TASK DIRECTIONS: From the first line to the last, copy the listing exactly and omit the images.

DATA FOR THIS EXERCISE:
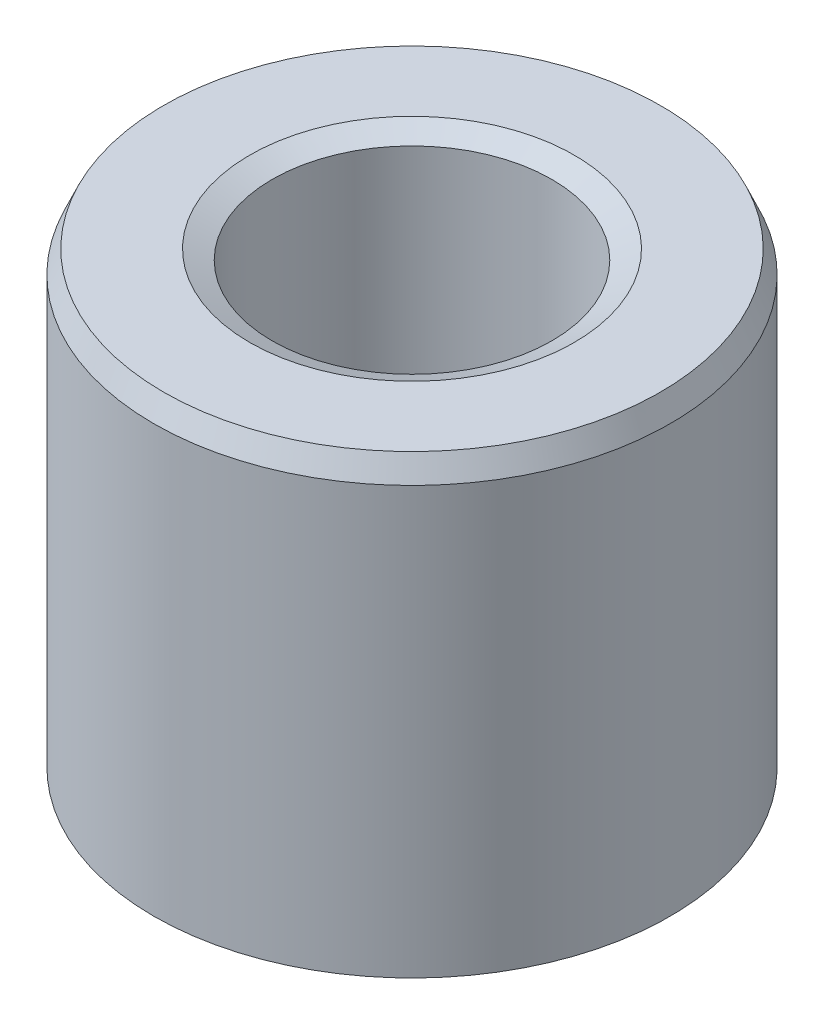
from build123d import *
from OCP.BRepFilletAPI import BRepFilletAPI_MakeChamfer

# Parameters (mm, degrees)
SKETCH1_R           = 30
BOSS_EXTRUDE1_DEPTH = 53.310525626
SKETCH2_R           = 16.252612692
CUT_EXTRUDE1_DEPTH  = 69.132313498
CHAMFER1_SIZE       = 2.604955796
CHAMFER1_SIZE2      = 1.140456332


with BuildPart() as part:
    # Sketch1 → Boss-Extrude1 (new body)
    with BuildSketch(Plane(origin=(0, 0, 0), x_dir=(1, 0, 0), z_dir=(0, 1, 0))):
        Circle(SKETCH1_R)
    extrude(amount=BOSS_EXTRUDE1_DEPTH)

    # Sketch2 → Cut-Extrude1 (cut, through all)
    with BuildSketch(Plane(origin=(0, 0, 0), x_dir=(1, 0, 0), z_dir=(0, 1, 0))):
        Circle(SKETCH2_R)
    extrude(amount=CUT_EXTRUDE1_DEPTH, mode=Mode.SUBTRACT)

    # Chamfer1: one chamfer whose edges measure the first distance from different faces: ONE call of the kernel's chamfer builder (chamfer() names one face for all edges)
    chamfer1_edges_1 = [part.edges().sort_by_distance(p)[0] for p in [
        (-16.252612692, 53.310525626, 0),
    ]]
    chamfer1_side_1 = [part.faces().sort_by_distance(p)[0] for p in [
        (-29.151471863, 53.310525626, 0),
    ]]
    chamfer1_edges_2 = [part.edges().sort_by_distance(p)[0] for p in [
        (-16.252612692, 0, 0),
    ]]
    chamfer1_side_2 = [part.faces().sort_by_distance(p)[0] for p in [
        (-16.252612692, 26.655262813, 0),
    ]]
    chamfer1_edges_3 = [part.edges().sort_by_distance(p)[0] for p in [
        (-30, 0, 0),
    ]]
    chamfer1_side_3 = [part.faces().sort_by_distance(p)[0] for p in [
        (-29.151471863, 0, 0),
    ]]
    chamfer1_edges_4 = [part.edges().sort_by_distance(p)[0] for p in [
        (-30, 53.310525626, 0),
    ]]
    chamfer1_side_4 = [part.faces().sort_by_distance(p)[0] for p in [
        (-30, 26.655262813, 0),
    ]]
    chamfer1 = BRepFilletAPI_MakeChamfer(part.part.solid().wrapped)
    for e in chamfer1_edges_1:
        chamfer1.Add(CHAMFER1_SIZE, CHAMFER1_SIZE2, e.wrapped, chamfer1_side_1[0].wrapped)  # the first distance lies on this face
    for e in chamfer1_edges_2:
        chamfer1.Add(CHAMFER1_SIZE, CHAMFER1_SIZE2, e.wrapped, chamfer1_side_2[0].wrapped)  # the first distance lies on this face
    for e in chamfer1_edges_3:
        chamfer1.Add(CHAMFER1_SIZE, CHAMFER1_SIZE2, e.wrapped, chamfer1_side_3[0].wrapped)  # the first distance lies on this face
    for e in chamfer1_edges_4:
        chamfer1.Add(CHAMFER1_SIZE, CHAMFER1_SIZE2, e.wrapped, chamfer1_side_4[0].wrapped)  # the first distance lies on this face
    add(Compound.cast(chamfer1.Shape()), mode=Mode.REPLACE)


solid = part.part

SOLUTION BELOW:
from build123d import *
from OCP.BRepFilletAPI import BRepFilletAPI_MakeChamfer

# Parameters (mm, degrees)
SKETCH1_R           = 30
BOSS_EXTRUDE1_DEPTH = 53.310525626
SKETCH2_R           = 16.252612692
CUT_EXTRUDE1_DEPTH  = 69.132313498
CHAMFER1_SIZE       = 2.604955796
CHAMFER1_SIZE2      = 1.140456332


with BuildPart() as part:
    # Sketch1 → Boss-Extrude1 (new body)
    with BuildSketch(Plane(origin=(0, 0, 0), x_dir=(1, 0, 0), z_dir=(0, 1, 0))):
        Circle(SKETCH1_R)
    extrude(amount=BOSS_EXTRUDE1_DEPTH)

    # Sketch2 → Cut-Extrude1 (cut, through all)
    with BuildSketch(Plane(origin=(0, 0, 0), x_dir=(1, 0, 0), z_dir=(0, 1, 0))):
        Circle(SKETCH2_R)
    extrude(amount=CUT_EXTRUDE1_DEPTH, mode=Mode.SUBTRACT)

    # Chamfer1: one chamfer whose edges measure the first distance from different faces: ONE call of the kernel's chamfer builder (chamfer() names one face for all edges)
    chamfer1_edges_1 = [part.edges().sort_by_distance(p)[0] for p in [
        (-16.252612692, 53.310525626, 0),
    ]]
    chamfer1_side_1 = [part.faces().sort_by_distance(p)[0] for p in [
        (-29.151471863, 53.310525626, 0),
    ]]
    chamfer1_edges_2 = [part.edges().sort_by_distance(p)[0] for p in [
        (-16.252612692, 0, 0),
    ]]
    chamfer1_side_2 = [part.faces().sort_by_distance(p)[0] for p in [
        (-16.252612692, 26.655262813, 0),
    ]]
    chamfer1_edges_3 = [part.edges().sort_by_distance(p)[0] for p in [
        (-30, 0, 0),
    ]]
    chamfer1_side_3 = [part.faces().sort_by_distance(p)[0] for p in [
        (-29.151471863, 0, 0),
    ]]
    chamfer1_edges_4 = [part.edges().sort_by_distance(p)[0] for p in [
        (-30, 53.310525626, 0),
    ]]
    chamfer1_side_4 = [part.faces().sort_by_distance(p)[0] for p in [
        (-30, 26.655262813, 0),
    ]]
    chamfer1 = BRepFilletAPI_MakeChamfer(part.part.solid().wrapped)
    for e in chamfer1_edges_1:
        chamfer1.Add(CHAMFER1_SIZE, CHAMFER1_SIZE2, e.wrapped, chamfer1_side_1[0].wrapped)  # the first distance lies on this face
    for e in chamfer1_edges_2:
        chamfer1.Add(CHAMFER1_SIZE, CHAMFER1_SIZE2, e.wrapped, chamfer1_side_2[0].wrapped)  # the first distance lies on this face
    for e in chamfer1_edges_3:
        chamfer1.Add(CHAMFER1_SIZE, CHAMFER1_SIZE2, e.wrapped, chamfer1_side_3[0].wrapped)  # the first distance lies on this face
    for e in chamfer1_edges_4:
        chamfer1.Add(CHAMFER1_SIZE, CHAMFER1_SIZE2, e.wrapped, chamfer1_side_4[0].wrapped)  # the first distance lies on this face
    add(Compound.cast(chamfer1.Shape()), mode=Mode.REPLACE)


solid = part.part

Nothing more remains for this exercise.